The tax code allows families with eligible dependents to shelter up to $5000 per year from income taxes when they deposit this money into an employer-sponsored FSA Dependent Care Account. This money may then be used, tax free, to pay the care expenses of eligible dependents. The payroll taxes associated with the care expense also qualifies under an FSA Dependent Care Account.
Most household employers's highest marginal Federal income tax rate is between 28 and 35%. Add on state and local income taxes, and the $5000 you fund to your FSA Dependent Care Account can save you $2000 a year or more in income taxes - often enough to completely fund your employer share of the "nanny taxes."

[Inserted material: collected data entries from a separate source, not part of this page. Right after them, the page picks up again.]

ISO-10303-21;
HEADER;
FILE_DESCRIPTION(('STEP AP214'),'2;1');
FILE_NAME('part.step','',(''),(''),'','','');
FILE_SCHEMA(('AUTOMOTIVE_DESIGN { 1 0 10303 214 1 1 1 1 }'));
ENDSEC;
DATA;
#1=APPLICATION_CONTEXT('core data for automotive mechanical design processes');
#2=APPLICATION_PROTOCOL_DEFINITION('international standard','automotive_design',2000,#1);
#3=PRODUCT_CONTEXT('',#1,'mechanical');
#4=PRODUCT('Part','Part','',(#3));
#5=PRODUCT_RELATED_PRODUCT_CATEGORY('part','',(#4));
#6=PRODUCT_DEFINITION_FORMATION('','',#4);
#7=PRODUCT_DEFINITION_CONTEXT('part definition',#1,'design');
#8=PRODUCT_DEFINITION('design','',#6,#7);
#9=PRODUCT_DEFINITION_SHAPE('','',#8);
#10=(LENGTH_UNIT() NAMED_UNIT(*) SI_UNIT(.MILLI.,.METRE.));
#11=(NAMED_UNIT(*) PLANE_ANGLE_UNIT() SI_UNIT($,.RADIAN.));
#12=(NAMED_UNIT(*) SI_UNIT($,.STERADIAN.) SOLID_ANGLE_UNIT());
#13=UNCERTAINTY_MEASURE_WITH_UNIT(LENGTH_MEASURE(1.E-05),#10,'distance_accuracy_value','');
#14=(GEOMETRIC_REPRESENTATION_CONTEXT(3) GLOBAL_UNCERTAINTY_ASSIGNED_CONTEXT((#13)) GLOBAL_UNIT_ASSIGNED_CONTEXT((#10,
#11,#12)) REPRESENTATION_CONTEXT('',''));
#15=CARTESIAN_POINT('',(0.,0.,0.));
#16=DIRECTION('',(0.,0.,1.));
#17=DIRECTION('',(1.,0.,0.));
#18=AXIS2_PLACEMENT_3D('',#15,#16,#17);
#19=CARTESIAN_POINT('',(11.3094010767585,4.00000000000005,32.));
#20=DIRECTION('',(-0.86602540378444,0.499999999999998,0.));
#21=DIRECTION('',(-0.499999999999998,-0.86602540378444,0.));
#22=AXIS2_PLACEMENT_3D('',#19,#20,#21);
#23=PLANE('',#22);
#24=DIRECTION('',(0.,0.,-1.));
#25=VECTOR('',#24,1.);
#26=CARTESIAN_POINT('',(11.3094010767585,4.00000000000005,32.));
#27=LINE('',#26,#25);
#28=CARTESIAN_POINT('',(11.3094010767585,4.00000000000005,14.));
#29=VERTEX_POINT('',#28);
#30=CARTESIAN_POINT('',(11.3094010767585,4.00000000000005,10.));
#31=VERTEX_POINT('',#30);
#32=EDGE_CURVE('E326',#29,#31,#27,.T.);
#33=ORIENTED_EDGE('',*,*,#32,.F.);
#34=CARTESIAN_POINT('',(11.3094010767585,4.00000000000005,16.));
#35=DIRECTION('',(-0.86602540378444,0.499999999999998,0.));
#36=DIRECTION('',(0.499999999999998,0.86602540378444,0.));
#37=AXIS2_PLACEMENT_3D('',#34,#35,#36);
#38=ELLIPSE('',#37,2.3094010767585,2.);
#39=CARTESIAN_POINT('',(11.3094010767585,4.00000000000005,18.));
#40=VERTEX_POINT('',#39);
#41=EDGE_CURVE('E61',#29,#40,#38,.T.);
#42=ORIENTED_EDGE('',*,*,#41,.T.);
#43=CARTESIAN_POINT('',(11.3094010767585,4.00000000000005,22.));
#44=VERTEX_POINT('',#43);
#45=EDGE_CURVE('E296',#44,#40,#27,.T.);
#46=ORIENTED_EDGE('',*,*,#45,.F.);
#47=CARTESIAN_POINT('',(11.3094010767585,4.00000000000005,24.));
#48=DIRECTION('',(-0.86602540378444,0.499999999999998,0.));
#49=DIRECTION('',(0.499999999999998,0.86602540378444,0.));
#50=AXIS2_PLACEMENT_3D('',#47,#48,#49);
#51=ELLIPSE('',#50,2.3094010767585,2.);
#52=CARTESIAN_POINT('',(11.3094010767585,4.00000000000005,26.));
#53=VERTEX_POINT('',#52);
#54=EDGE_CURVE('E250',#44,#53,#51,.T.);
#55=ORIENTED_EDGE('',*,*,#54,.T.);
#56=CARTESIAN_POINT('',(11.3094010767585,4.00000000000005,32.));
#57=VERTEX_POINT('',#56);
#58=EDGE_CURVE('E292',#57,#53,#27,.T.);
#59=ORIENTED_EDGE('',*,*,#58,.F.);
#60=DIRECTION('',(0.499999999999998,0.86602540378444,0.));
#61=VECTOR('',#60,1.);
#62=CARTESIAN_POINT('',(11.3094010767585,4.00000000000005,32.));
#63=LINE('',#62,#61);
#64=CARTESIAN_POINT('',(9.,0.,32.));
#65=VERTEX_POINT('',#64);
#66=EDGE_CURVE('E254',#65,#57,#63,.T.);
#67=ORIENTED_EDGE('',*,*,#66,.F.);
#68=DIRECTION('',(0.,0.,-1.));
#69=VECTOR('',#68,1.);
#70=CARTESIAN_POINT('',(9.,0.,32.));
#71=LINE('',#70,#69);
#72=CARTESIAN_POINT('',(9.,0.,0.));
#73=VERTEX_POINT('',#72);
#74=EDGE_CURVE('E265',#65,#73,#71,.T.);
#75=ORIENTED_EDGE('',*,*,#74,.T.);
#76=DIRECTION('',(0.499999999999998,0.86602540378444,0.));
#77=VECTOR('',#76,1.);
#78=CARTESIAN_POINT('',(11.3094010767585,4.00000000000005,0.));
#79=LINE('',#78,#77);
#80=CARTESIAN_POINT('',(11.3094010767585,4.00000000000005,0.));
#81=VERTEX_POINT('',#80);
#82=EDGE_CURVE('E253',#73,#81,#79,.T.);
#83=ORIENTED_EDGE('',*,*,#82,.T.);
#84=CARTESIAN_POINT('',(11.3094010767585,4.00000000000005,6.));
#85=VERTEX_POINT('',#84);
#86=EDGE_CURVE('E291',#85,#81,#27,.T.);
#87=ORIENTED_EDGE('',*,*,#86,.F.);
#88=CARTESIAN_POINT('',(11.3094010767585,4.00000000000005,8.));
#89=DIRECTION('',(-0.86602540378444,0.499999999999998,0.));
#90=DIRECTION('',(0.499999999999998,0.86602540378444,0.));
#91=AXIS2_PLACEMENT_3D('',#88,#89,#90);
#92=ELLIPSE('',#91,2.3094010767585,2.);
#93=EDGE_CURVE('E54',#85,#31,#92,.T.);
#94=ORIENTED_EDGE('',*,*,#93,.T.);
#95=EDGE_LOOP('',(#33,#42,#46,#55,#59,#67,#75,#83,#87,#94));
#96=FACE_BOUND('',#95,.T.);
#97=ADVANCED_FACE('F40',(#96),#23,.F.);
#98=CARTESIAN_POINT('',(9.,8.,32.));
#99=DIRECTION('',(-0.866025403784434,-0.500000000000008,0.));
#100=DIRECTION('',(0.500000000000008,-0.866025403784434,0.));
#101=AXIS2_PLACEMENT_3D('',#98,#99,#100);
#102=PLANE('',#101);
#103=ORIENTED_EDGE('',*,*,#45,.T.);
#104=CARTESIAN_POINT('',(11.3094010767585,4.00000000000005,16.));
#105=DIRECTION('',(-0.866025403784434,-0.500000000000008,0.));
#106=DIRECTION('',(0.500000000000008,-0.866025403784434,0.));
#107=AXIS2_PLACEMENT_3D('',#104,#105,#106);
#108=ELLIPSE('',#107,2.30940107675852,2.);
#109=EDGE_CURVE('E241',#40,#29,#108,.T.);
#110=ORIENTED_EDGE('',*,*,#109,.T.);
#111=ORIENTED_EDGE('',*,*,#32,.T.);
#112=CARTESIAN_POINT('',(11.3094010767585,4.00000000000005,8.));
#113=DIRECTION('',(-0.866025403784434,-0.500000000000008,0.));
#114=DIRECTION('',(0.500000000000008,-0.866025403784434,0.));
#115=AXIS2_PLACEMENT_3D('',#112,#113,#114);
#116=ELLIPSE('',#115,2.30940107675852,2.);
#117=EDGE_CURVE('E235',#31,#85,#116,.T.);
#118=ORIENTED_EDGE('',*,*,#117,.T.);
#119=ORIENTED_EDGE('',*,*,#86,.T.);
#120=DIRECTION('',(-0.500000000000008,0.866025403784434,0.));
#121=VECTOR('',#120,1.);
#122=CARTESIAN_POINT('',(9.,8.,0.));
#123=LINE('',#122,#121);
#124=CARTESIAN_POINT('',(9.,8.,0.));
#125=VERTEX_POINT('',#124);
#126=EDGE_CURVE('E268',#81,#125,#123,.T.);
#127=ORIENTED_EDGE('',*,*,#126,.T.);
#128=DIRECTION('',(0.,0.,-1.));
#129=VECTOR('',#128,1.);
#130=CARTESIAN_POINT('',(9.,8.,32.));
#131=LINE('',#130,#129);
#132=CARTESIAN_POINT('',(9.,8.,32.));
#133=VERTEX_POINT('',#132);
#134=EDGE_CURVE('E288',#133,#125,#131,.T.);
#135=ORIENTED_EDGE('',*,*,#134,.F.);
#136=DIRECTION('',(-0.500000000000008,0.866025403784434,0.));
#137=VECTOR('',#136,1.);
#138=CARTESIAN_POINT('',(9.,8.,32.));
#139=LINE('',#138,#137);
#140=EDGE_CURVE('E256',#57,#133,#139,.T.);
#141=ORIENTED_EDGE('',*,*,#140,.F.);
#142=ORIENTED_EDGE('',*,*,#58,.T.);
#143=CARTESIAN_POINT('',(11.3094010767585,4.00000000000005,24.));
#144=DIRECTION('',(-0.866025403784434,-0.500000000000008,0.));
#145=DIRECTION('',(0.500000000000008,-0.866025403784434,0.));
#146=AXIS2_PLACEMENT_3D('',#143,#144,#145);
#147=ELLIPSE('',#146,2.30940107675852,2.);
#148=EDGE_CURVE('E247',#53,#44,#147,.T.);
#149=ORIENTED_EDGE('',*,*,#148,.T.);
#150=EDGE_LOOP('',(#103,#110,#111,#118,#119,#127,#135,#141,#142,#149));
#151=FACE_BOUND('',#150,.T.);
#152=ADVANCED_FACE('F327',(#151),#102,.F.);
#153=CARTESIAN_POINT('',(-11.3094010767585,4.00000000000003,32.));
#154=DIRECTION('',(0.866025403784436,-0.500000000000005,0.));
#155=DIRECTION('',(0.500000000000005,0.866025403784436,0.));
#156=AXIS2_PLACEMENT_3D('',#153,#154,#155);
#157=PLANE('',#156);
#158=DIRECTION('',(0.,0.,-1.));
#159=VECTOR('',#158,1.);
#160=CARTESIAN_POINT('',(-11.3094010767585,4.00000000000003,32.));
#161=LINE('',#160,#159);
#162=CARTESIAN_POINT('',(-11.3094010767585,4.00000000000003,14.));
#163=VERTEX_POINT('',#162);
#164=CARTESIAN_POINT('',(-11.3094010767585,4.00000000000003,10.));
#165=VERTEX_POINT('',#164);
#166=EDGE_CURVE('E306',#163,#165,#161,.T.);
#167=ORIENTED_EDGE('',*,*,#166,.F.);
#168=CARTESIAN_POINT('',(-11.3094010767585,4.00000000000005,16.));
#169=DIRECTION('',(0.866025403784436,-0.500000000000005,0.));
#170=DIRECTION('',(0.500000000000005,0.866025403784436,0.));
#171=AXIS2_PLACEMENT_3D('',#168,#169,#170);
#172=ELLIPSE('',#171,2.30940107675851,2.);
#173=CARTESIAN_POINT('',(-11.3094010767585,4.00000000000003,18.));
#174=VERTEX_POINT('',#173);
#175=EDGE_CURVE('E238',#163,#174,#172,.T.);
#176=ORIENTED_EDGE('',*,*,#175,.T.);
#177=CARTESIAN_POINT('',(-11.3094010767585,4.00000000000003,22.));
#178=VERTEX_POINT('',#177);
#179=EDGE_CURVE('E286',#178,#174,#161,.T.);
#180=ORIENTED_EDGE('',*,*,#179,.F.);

Note that your eligible dependent cannot be claimed as an eligible dependent on anyone else's tax return, and must be a legal resident of the U.S.
Nanny care or senior care expenses you incur, as well as the associated payroll taxes, are eligible expenses so long at the expense was incurred while you work or to enable you to work. To claim the expense reimbursement under a FSA Dependent Care Account you must have the tax id number of the caregiver.
Don't Delay - "Open Season" usually will close at the end of November!
You generally can only enroll in a FSA Dependent Care Account arrangment during your benefits plan's Open Season or within 30 days of a 'qualifying event' such as the birth or adoption of a child.